* [Source data]:
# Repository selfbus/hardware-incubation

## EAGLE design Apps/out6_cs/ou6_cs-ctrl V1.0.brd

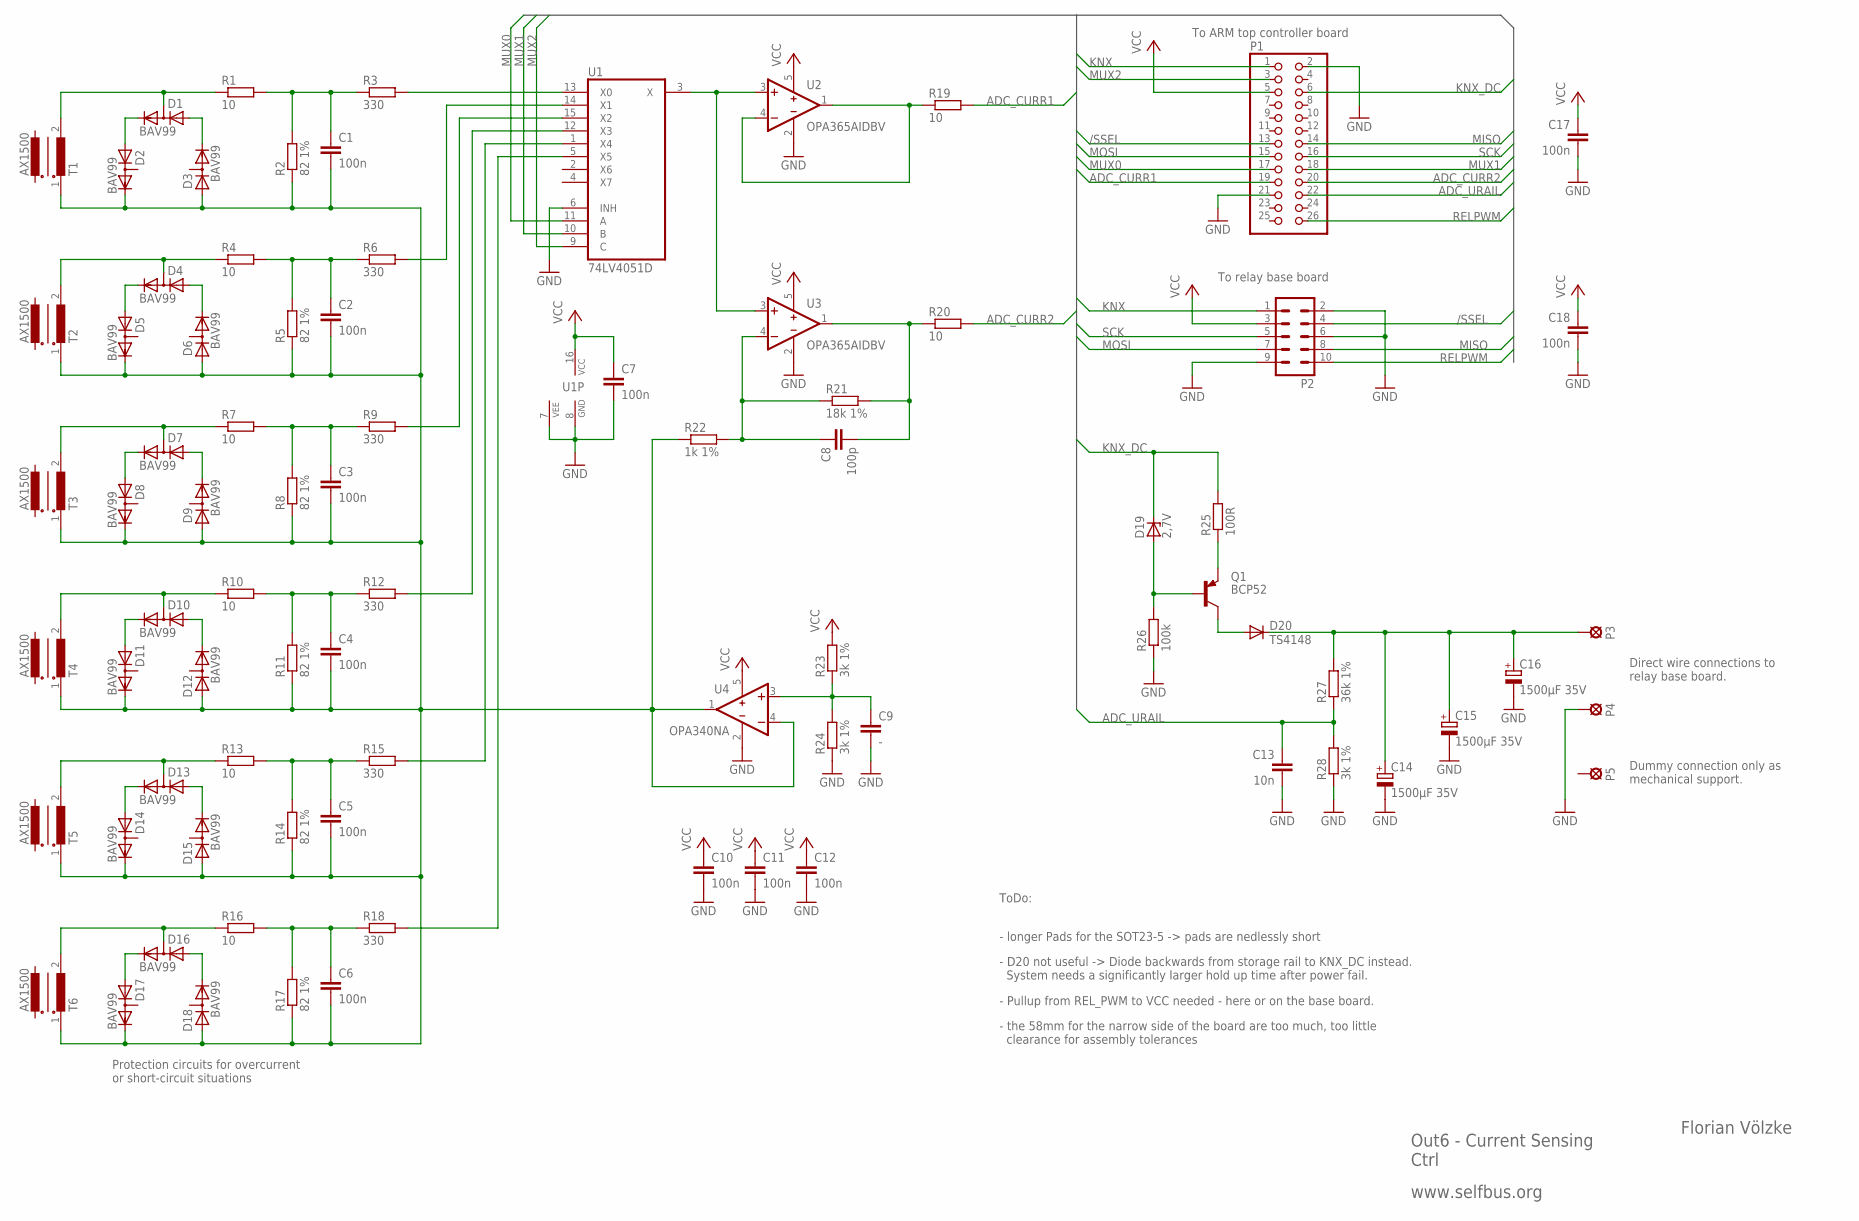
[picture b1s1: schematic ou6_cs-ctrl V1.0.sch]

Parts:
C1, C2, C3, C4, C5, C6, C7, C10, C11, C12, C17, C18: 100n; R0805M
C8: 100p; R0805M
C9: -; R0805M
C13: 10n; R0805M
C14, C15, C16: 1500µF 35V; E5-13-30
D1, D2, D3, D4, D5, D6, D7, D8, D9, D10, D11, D12, D13, D14, D15, D16, D17, D18: BAV99; SOT23
D19: 2,7V; SOT23
D20: TS4148; MINIMELF
P1: PINHD-2X13SMD; 2X13SMD
P2: ML10
P3, P4, P5: SE1.5; SE15
Q1: BCP52; SOT223
R1, R4, R7, R10, R13, R16, R19, R20: 10; R0805M
R2, R5, R8, R11, R14, R17: 82 1%; R0805M
R3, R6, R9, R12, R15, R18: 330; R0805M
R21: 18k 1%; R0805M
R22: 1k 1%; R0805M
R23, R24, R28: 3k 1%; R0805M
R25: 100R; R0805M
R26: 100k; R0805M
R27: 36k 1%; R0805M
T1, T2, T3, T4, T5, T6: AX1500; SMALLXFORMER
U1: 74LV4051D; SO16
U2, U3: OPA365AIDBV; SOT23-5
U4: OPA340NA; SOT23-5

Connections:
/SSEL: P1.13, P2.4
ADC_CURR1: P1.19, R19.2
ADC_CURR2: P1.20, R20.2
ADC_URAIL: C13.1, P1.22, R27.1, R28.2
GND: C7.2, C9.2, C10.2, C11.2, C12.2, C13.2, C14.-, C15.-, C16.-, C17.2, C18.2, P1.2, P1.21, P2.2, P2.6, P2.9, P4.MP, R24.1, R26.1, R28.1, U1.6 (INH), U1.7 (VEE), U1.8 (GND), U2.2 (V-), U3.2 (V-), U4.2 (V-)
KNX: P1.1, P2.1
KNX_DC: D19.3 (C), P1.6, R25.2
MISO: P1.14, P2.8
MOSI: P1.15, P2.7
MUX0: P1.17, U1.11 (A)
MUX1: P1.18, U1.10 (B)
MUX2: P1.3, U1.9 (C)
unnamed: R19.1, U2.1 (OUT), U2.4 (-IN)
unnamed: D1.3 (AC), R1.1, T1.2 (W1E)
unnamed: D1.2 (C), D2.1 (A)
unnamed: D1.1 (A), D3.2 (C)
unnamed: C1.1, R1.2, R2.2, R3.1
unnamed: Q1.3 (E), R25.1
unnamed: D4.3 (AC), R4.1, T2.2 (W1E)
unnamed: D4.2 (C), D5.1 (A)
unnamed: D4.1 (A), D6.2 (C)
unnamed: C2.1, R4.2, R5.2, R6.1
unnamed: C8.2, R20.1, R21.2, U3.1 (OUT)
unnamed: D7.3 (AC), R7.1, T3.2 (W1E)
unnamed: D7.2 (C), D8.1 (A)
unnamed: D7.1 (A), D9.2 (C)
unnamed: C3.1, R7.2, R8.2, R9.1
unnamed: U1.3 (X), U2.3 (+IN), U3.3 (+IN)
unnamed: D10.3 (AC), R10.1, T4.2 (W1E)
unnamed: D10.2 (C), D11.1 (A)
unnamed: D10.1 (A), D12.2 (C)
unnamed: C4.1, R10.2, R11.2, R12.1
unnamed: C8.1, R21.1, R22.2, U3.4 (-IN)
unnamed: D13.3 (AC), R13.1, T5.2 (W1E)
unnamed: D13.2 (C), D14.1 (A)
unnamed: D13.1 (A), D15.2 (C)
unnamed: C5.1, R13.2, R14.2, R15.1
unnamed: C1.2, C2.2, C3.2, C4.2, C5.2, C6.2, D2.2 (C), D3.1 (A), D5.2 (C), D6.1 (A), D8.2 (C), D9.1 (A), D11.2 (C), D12.1 (A), D14.2 (C), D15.1 (A), D17.2 (C), D18.1 (A), R2.1, R5.1, R8.1, R11.1, R14.1, R17.1, R22.1, T1.1 (W1A), T2.1 (W1A), T3.1 (W1A), T4.1 (W1A), T5.1 (W1A), T6.1 (W1A), U4.1 (OUT), U4.4 (-IN)
unnamed: D16.3 (AC), R16.1, T6.2 (W1E)
unnamed: D16.2 (C), D17.1 (A)
unnamed: D16.1 (A), D18.2 (C)
unnamed: C6.1, R16.2, R17.2, R18.1
unnamed: R3.2, U1.13 (X0)
unnamed: R6.2, U1.14 (X1)
unnamed: R9.2, U1.15 (X2)
unnamed: R12.2, U1.12 (X3)
unnamed: R15.2, U1.1 (X4)
unnamed: R18.2, U1.5 (X5)
unnamed: C9.1, R23.1, R24.2, U4.3 (+IN)
unnamed: D20.A, Q1.2 (C), Q1.4 (C)
unnamed: C14.+, C15.+, C16.+, D20.C, P3.MP, R27.2
unnamed: D19.1 (A), Q1.1 (B), R26.2
RELPWM: P1.26, P2.10
SCK: P1.16, P2.5
VCC: C7.1, C10.1, C11.1, C12.1, C17.1, C18.1, P1.5, P2.3, R23.2, U1.16 (VCC), U2.5 (V+), U3.5 (V+), U4.5 (V+)

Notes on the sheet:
Florian Völzke
Out6 - Current Sensing Ctrl
www.selfbus.org
Protection circuits for overcurrent or short-circuit situations
To ARM top controller board
To relay base board
Direct wire connections to relay base board.
Dummy connection only as mechanical support.
ToDo:
- longer Pads for the SOT23-5 -> pads are nedlessly short
- D20 not useful -> Diode backwards from storage rail to KNX_DC instead. System needs a significantly larger hold up time after power fail.
- Pullup from REL_PWM to VCC needed - here or on the base board.
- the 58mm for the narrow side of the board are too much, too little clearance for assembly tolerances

* [ACTIVITY]: Reproduce only the lines above spanning from the line containing "T1, T2, T3, T4, T5, T6: AX1500; SMALLXFORMER" through the line containing "Florian Völzke", word for word.

* [ANSWER BELOW]:
T1, T2, T3, T4, T5, T6: AX1500; SMALLXFORMER
U1: 74LV4051D; SO16
U2, U3: OPA365AIDBV; SOT23-5
U4: OPA340NA; SOT23-5

Connections:
/SSEL: P1.13, P2.4
ADC_CURR1: P1.19, R19.2
ADC_CURR2: P1.20, R20.2
ADC_URAIL: C13.1, P1.22, R27.1, R28.2
GND: C7.2, C9.2, C10.2, C11.2, C12.2, C13.2, C14.-, C15.-, C16.-, C17.2, C18.2, P1.2, P1.21, P2.2, P2.6, P2.9, P4.MP, R24.1, R26.1, R28.1, U1.6 (INH), U1.7 (VEE), U1.8 (GND), U2.2 (V-), U3.2 (V-), U4.2 (V-)
KNX: P1.1, P2.1
KNX_DC: D19.3 (C), P1.6, R25.2
MISO: P1.14, P2.8
MOSI: P1.15, P2.7
MUX0: P1.17, U1.11 (A)
MUX1: P1.18, U1.10 (B)
MUX2: P1.3, U1.9 (C)
unnamed: R19.1, U2.1 (OUT), U2.4 (-IN)
unnamed: D1.3 (AC), R1.1, T1.2 (W1E)
unnamed: D1.2 (C), D2.1 (A)
unnamed: D1.1 (A), D3.2 (C)
unnamed: C1.1, R1.2, R2.2, R3.1
unnamed: Q1.3 (E), R25.1
unnamed: D4.3 (AC), R4.1, T2.2 (W1E)
unnamed: D4.2 (C), D5.1 (A)
unnamed: D4.1 (A), D6.2 (C)
unnamed: C2.1, R4.2, R5.2, R6.1
unnamed: C8.2, R20.1, R21.2, U3.1 (OUT)
unnamed: D7.3 (AC), R7.1, T3.2 (W1E)
unnamed: D7.2 (C), D8.1 (A)
unnamed: D7.1 (A), D9.2 (C)
unnamed: C3.1, R7.2, R8.2, R9.1
unnamed: U1.3 (X), U2.3 (+IN), U3.3 (+IN)
unnamed: D10.3 (AC), R10.1, T4.2 (W1E)
unnamed: D10.2 (C), D11.1 (A)
unnamed: D10.1 (A), D12.2 (C)
unnamed: C4.1, R10.2, R11.2, R12.1
unnamed: C8.1, R21.1, R22.2, U3.4 (-IN)
unnamed: D13.3 (AC), R13.1, T5.2 (W1E)
unnamed: D13.2 (C), D14.1 (A)
unnamed: D13.1 (A), D15.2 (C)
unnamed: C5.1, R13.2, R14.2, R15.1
unnamed: C1.2, C2.2, C3.2, C4.2, C5.2, C6.2, D2.2 (C), D3.1 (A), D5.2 (C), D6.1 (A), D8.2 (C), D9.1 (A), D11.2 (C), D12.1 (A), D14.2 (C), D15.1 (A), D17.2 (C), D18.1 (A), R2.1, R5.1, R8.1, R11.1, R14.1, R17.1, R22.1, T1.1 (W1A), T2.1 (W1A), T3.1 (W1A), T4.1 (W1A), T5.1 (W1A), T6.1 (W1A), U4.1 (OUT), U4.4 (-IN)
unnamed: D16.3 (AC), R16.1, T6.2 (W1E)
unnamed: D16.2 (C), D17.1 (A)
unnamed: D16.1 (A), D18.2 (C)
unnamed: C6.1, R16.2, R17.2, R18.1
unnamed: R3.2, U1.13 (X0)
unnamed: R6.2, U1.14 (X1)
unnamed: R9.2, U1.15 (X2)
unnamed: R12.2, U1.12 (X3)
unnamed: R15.2, U1.1 (X4)
unnamed: R18.2, U1.5 (X5)
unnamed: C9.1, R23.1, R24.2, U4.3 (+IN)
unnamed: D20.A, Q1.2 (C), Q1.4 (C)
unnamed: C14.+, C15.+, C16.+, D20.C, P3.MP, R27.2
unnamed: D19.1 (A), Q1.1 (B), R26.2
RELPWM: P1.26, P2.10
SCK: P1.16, P2.5
VCC: C7.1, C10.1, C11.1, C12.1, C17.1, C18.1, P1.5, P2.3, R23.2, U1.16 (VCC), U2.5 (V+), U3.5 (V+), U4.5 (V+)

Notes on the sheet:
Florian Völzke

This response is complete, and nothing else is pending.